When Margaret Thatcher left office on November 22 of that year, all of her putative successors declared their intention to abandon the tax. Mason, however, remained a supporter of the principle, though he was disinclined to side with its execution by the Government. He opposed the repeal of the tax by Michael Heseltine and predicted that its successor, the council tax, would accumulate more problems than it solved.
Mason’s enduring fondness for St Andrews showed itself again in a series of monographs he wrote on aspects of the history of the university. In 1995 he co-edited City in the Mist, a collection of prose and poetry written by St Andrews students.
Since boyhood Mason had two recreational delights. The first was traditional jazz, of which he had a huge knowledge and a vast collection of ancient records. The second was science fiction, of which he accumulated one of the largest private collections in Britain.

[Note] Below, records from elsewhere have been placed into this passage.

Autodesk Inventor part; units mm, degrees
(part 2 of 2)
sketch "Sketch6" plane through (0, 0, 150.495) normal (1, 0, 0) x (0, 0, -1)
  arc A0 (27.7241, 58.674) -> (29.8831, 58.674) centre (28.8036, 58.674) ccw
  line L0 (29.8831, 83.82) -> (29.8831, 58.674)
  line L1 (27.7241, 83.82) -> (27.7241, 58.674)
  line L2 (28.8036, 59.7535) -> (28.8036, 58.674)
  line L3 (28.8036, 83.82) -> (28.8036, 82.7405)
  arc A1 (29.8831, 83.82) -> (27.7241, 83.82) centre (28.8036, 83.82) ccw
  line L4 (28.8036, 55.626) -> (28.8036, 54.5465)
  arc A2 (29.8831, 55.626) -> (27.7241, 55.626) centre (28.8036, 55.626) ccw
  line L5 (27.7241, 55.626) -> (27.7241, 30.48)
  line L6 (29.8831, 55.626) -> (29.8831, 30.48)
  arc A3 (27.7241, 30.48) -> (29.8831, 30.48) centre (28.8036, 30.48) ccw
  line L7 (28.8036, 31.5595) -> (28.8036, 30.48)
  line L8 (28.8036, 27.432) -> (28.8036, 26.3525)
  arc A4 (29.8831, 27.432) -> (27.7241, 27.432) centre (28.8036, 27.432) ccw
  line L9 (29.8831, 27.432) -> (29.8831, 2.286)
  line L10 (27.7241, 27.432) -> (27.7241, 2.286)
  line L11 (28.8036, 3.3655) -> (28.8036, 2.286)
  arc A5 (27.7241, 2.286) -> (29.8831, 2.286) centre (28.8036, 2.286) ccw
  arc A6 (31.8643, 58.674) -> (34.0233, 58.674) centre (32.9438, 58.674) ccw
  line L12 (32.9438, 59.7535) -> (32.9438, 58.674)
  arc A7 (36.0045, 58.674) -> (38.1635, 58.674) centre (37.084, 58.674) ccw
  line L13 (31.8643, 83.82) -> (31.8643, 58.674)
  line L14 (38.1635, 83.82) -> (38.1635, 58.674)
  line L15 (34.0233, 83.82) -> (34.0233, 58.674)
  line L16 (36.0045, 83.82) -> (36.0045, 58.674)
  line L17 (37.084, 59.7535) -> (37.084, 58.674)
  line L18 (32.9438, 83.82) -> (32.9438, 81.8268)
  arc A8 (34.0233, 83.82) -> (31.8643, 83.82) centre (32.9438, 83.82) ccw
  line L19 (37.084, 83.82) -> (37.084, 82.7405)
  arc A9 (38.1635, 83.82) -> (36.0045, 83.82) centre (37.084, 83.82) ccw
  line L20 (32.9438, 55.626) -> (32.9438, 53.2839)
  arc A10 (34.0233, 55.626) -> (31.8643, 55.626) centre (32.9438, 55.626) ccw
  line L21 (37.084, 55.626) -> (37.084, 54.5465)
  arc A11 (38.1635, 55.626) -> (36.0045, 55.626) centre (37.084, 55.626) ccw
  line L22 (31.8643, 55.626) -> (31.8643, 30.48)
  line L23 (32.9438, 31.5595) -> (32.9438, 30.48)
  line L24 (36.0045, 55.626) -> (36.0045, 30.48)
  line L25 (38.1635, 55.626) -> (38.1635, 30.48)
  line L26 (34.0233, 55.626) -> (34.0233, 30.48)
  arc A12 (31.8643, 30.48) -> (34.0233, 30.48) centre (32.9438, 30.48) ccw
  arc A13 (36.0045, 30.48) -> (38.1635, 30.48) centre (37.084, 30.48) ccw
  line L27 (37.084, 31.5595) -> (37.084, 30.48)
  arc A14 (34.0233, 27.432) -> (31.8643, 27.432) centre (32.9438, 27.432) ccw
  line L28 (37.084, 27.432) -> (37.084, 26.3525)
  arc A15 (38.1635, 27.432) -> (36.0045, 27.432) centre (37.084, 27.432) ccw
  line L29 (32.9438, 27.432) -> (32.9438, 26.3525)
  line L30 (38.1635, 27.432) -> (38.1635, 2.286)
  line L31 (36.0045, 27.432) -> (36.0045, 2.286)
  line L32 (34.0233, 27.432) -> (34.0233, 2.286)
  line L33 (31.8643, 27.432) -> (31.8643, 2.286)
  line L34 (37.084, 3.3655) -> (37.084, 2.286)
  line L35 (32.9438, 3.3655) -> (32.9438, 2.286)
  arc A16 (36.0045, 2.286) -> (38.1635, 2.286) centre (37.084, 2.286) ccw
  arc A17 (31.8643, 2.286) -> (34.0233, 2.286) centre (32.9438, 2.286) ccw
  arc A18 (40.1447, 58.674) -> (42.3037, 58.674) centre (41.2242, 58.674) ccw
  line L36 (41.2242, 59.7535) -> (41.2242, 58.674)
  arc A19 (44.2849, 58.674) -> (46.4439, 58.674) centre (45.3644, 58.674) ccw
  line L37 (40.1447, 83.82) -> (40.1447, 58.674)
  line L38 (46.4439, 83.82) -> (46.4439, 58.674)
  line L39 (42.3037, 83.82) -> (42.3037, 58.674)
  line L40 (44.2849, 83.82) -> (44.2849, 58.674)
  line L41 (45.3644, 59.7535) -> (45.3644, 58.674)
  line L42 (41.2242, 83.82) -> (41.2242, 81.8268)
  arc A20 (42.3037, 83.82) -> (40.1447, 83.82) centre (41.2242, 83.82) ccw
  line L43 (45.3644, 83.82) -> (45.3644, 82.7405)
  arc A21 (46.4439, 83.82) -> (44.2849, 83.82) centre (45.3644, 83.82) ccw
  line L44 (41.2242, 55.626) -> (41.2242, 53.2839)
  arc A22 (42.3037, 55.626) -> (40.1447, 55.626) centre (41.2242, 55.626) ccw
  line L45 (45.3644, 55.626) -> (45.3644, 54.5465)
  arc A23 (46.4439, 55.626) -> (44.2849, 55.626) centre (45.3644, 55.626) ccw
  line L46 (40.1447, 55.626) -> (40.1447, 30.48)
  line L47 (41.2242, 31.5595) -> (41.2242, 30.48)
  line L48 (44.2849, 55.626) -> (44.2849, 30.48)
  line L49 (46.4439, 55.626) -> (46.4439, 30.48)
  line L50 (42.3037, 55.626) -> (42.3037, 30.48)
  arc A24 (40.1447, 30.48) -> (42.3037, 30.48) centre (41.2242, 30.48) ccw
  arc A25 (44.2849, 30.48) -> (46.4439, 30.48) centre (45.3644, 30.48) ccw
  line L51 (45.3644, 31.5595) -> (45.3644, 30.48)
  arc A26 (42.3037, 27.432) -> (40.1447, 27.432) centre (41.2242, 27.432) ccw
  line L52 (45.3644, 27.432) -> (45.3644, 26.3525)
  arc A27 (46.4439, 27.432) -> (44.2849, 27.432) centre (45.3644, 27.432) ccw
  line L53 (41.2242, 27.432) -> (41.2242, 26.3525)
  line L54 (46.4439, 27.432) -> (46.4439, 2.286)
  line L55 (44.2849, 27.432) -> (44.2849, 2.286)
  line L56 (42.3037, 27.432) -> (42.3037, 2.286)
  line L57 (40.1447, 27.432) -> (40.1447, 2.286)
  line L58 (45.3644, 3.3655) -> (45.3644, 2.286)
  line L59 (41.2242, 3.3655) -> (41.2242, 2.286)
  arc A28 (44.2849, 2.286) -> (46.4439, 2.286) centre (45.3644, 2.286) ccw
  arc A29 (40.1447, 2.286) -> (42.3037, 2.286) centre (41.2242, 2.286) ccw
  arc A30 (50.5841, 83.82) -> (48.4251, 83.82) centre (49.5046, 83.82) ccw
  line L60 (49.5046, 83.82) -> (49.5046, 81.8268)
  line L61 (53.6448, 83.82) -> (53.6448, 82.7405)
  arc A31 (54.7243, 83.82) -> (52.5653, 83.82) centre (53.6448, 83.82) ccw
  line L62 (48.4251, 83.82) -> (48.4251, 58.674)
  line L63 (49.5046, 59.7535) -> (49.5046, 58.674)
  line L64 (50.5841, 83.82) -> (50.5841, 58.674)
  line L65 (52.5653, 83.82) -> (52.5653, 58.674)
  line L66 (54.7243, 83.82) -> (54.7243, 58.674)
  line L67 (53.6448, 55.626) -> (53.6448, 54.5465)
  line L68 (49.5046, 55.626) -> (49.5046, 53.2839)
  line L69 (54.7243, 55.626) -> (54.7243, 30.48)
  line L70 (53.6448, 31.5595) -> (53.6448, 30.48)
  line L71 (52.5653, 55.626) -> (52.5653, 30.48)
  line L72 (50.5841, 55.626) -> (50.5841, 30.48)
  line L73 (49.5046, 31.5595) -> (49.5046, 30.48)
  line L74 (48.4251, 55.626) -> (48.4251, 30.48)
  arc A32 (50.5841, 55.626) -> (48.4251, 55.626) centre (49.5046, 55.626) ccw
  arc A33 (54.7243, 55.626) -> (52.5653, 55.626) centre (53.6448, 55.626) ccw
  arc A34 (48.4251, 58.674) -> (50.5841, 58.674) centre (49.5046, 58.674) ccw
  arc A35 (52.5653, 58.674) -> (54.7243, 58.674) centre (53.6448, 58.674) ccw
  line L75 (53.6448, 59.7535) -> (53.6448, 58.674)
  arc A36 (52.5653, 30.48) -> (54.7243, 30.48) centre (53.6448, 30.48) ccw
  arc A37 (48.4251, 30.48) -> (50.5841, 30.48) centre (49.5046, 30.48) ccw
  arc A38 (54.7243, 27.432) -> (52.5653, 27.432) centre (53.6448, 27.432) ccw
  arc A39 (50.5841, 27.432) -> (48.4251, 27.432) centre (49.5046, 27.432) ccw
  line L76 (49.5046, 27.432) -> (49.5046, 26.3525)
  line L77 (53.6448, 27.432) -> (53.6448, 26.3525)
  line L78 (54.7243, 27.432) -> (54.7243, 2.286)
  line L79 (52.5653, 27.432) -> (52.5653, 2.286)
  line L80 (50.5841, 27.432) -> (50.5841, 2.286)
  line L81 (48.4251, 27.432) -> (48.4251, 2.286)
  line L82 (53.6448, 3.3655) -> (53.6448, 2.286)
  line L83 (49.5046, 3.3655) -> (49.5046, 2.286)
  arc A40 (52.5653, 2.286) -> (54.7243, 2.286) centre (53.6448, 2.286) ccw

A brain tumour was first diagnosed in 1990, but Mason continued while he could with an active public life of lectures and writing. He was very much in the tradition of the 18th-century Scottish Enlightenment — that of the gentleman scholar, engaging, courteous and good company.
He is survived by his mother and a younger brother.
Douglas Mason, political theorist, was born on September 30, 1941. He died on December 13, 2004, aged 63.